A few straight forward guidelines can be set.

  • Do not work with interpolated values. Interpolation does always introduce some inaccuracy and in my experience

    this is rarely offset by more data points or by the fact that a timestamp matches better.

    The API provides car data and position data separately and with two different time bases. If somehow possible, you should use the data with the existing time base. That means, you cannot merge the datasets for use in calculations as this requires interpolation. If you need a combined end result and/or a different time base, do only merge and resample the result of your calculations. Do not resample the input data.

  • Do not perform calculations based on values that have been calculated by means of integration. The low sample rate

    of the source data and the existing inaccuracies mean that integration will always be error prone. Errors can stack up and single outliers will influence all further results of the integration.

Clearly, this rules can not always be followed. They sometimes need to be broken as there may be no other way around it. But, by keeping these rules in mind, potential error sources can be reduced.

Slicing data by lap for use in further calculations

If you simply wish to visualize existing data, slicing laps is rather straight forward.

session = fastf1.get_session(2020, 4, 'Q')
session.load()
fastest_lap = session.laps.pick_fastest()
tel = fastest_lap.telemetry

This will give you the merged telemetry with a first and last value being interpolated additionally so as to exactly match the start and end of the lap. This data is not suitable for further calculations though.

If you want to perform your own calculations with the data, you should use the raw data. To stay away from interpolation before doing any calculations, the following could be done:

session = fastf1.get_session(2020, 4, 'Q')
session.load()
fastest_lap = session.laps.pick_fastest()

# use padding so that there are values outside of the desired range for accurate interpolation later
car_data = fastest_lap.get_car_data(pad=1, pad_side='both')
pos_data = fastest_lap.get_pos_data(pad=1, pad_side='both')

# do calculations here
# ...
# ...

merged_data = car_data.merge_channels(pos_data)
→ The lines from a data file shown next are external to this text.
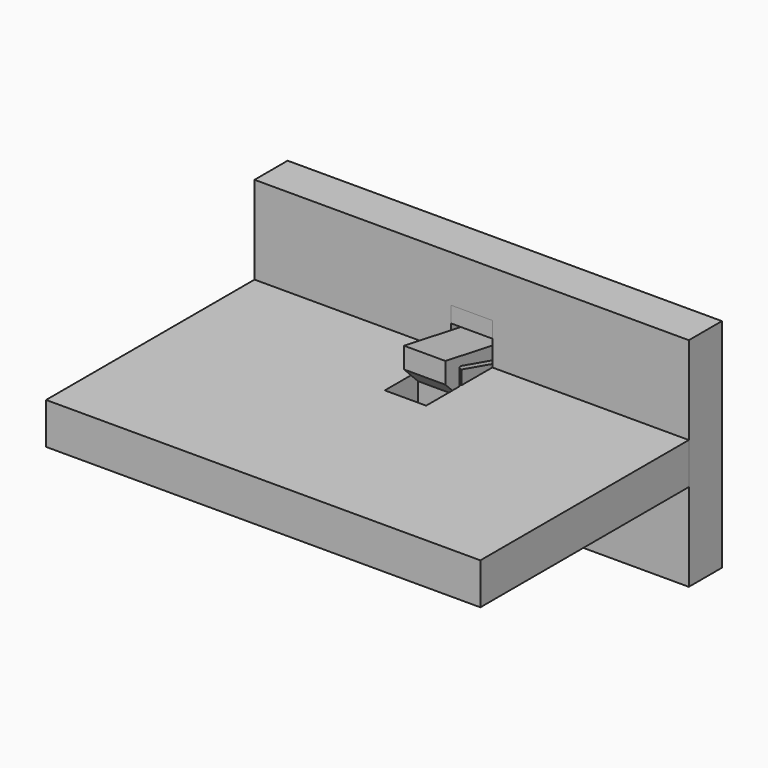
from build123d import *

# Parameters (mm, degrees)
F2_DEPTH = 2.38125
F3_W     = 50
F3_H     = 25
F3_W_2   = 4.7625
F3_H_2   = 14.2875
F4_DEPTH = 4.7625
F6_DEPTH = 2.38125


# Not quite as in the source:
# - a length typed as a fraction of an inch, garbled in the dataset ("3 / 203.2 mm" for 3/8 in), is restored


with BuildPart() as f2:
    # F1 (on Top) → F2 (new body, symmetric)
    with BuildSketch(Plane.XY):
        Polygon((-2.38125, 0), (-25, 0), (-25, -30), (0, -30), (25, -30), (25, 0), (2.38125, 0), (2.38125, -2.38125), (0, -2.38125), (-2.38125, -2.38125), align=None)
        Polygon((-2.38125, -4.7625), (0, -4.7625), (2.38125, -4.7625), (2.38125, -9.525), (0, -9.525), (-2.38125, -9.525), align=None, mode=Mode.SUBTRACT)
    extrude(amount=F2_DEPTH, both=True)


with BuildPart() as f4:
    # F3 (on Front) → F4 (new body)
    with BuildSketch(Plane.XZ):
        Rectangle(F3_W, F3_H)
        Rectangle(F3_W_2, F3_H_2, mode=Mode.SUBTRACT)
    extrude(amount=-F4_DEPTH)


with BuildPart() as f6:
    # F5 (on Right) → F6 (new body, symmetric)
    with BuildSketch(Plane.YZ):
        with BuildLine():
            Line((4.7625, 9.525), (4.7625, 7.14375))
            Line((4.7625, 7.14375), (0, 7.14375))
            Line((0, 7.14375), (0, 5.3015985947))
            Line((0, 5.3015985947), (4.8354205115, 4.1182366897))
            ThreePointArc((4.8354205115, 4.1182366897), (4.9671724392, 3.9090526811), (4.7625, 3.7703958653))
            Line((4.7625, 3.7703958653), (-6.7625, 5.7876744365))
            Line((-6.7625, 5.7876744365), (-6.7625, 3.38125))
            Line((-6.7625, 3.38125), (-4.7625, 1.38125))
            Line((-4.7625, 1.38125), (-4.7625, 2.38125))
            Line((-4.7625, 2.38125), (-4.7625, 4.2031772012))
            ThreePointArc((-4.7625, 4.2031772012), (-4.6921440652, 4.3448409329), (-4.5367563233, 4.3743912306))
            Line((-4.5367563233, 4.3743912306), (4.7625, 1.7703958653))
            ThreePointArc((4.7625, 1.7703958653), (4.8857703527, 1.5512381592), (4.6666126465, 1.4279678065))
            Line((4.6666126465, 1.4279678065), (-4.4069, 3.96875))
            Line((-4.4069, 3.96875), (-4.4069, 2.38125))
            Line((-4.4069, 2.38125), (-2.38125, 2.38125))
            Line((-2.38125, 2.38125), (-2.38125, 0))
            Line((-2.38125, 0), (-2.38125, -2.38125))
            Line((-2.38125, -2.38125), (-4.4069, -2.38125))
            Line((-4.4069, -2.38125), (-4.4069, -3.96875))
            Line((-4.4069, -3.96875), (4.6666126465, -1.4279678065))
            ThreePointArc((4.6666126465, -1.4279678065), (4.8857703527, -1.5512381592), (4.7625, -1.7703958653))
            Line((4.7625, -1.7703958653), (-4.5367563233, -4.3743912306))
            ThreePointArc((-4.5367563233, -4.3743912306), (-4.6921440652, -4.3448409329), (-4.7625, -4.2031772012))
            Line((-4.7625, -4.2031772012), (-4.7625, -2.38125))
            Line((-4.7625, -2.38125), (-4.7625, -1.38125))
            Line((-4.7625, -1.38125), (-6.7625, -3.38125))
            Line((-6.7625, -3.38125), (-6.7625, -5.7876744365))
            Line((-6.7625, -5.7876744365), (4.7625, -3.7703958653))
            ThreePointArc((4.7625, -3.7703958653), (4.9671724392, -3.9090526811), (4.8354205115, -4.1182366897))
            Line((4.8354205115, -4.1182366897), (0, -5.3015985947))
            Line((0, -5.3015985947), (0, -7.14375))
            Line((0, -7.14375), (4.7625, -7.14375))
            Line((4.7625, -7.14375), (4.7625, -9.525))
            Line((4.7625, -9.525), (7.14375, -9.525))
            Line((7.14375, -9.525), (7.14375, 0))
            Line((7.14375, 0), (7.14375, 9.525))
            Line((7.14375, 9.525), (4.7625, 9.525))
        make_face()
    extrude(amount=F6_DEPTH, both=True)


solid = Compound([f2.part, f4.part, f6.part])

# slice again to remove the padding and interpolate the exact first and last value
merged_data = merged_data.slice_by_lap(fastest_lap, interpolate_edges=True)

Disclaimer

The information here is what I have discovered to be most effective. This is probably not perfect. There are just too many (time consuming) things that can be tried out. If you have some better ideas or want to discuss accuracy and possibilities, feel free to open an issue about it.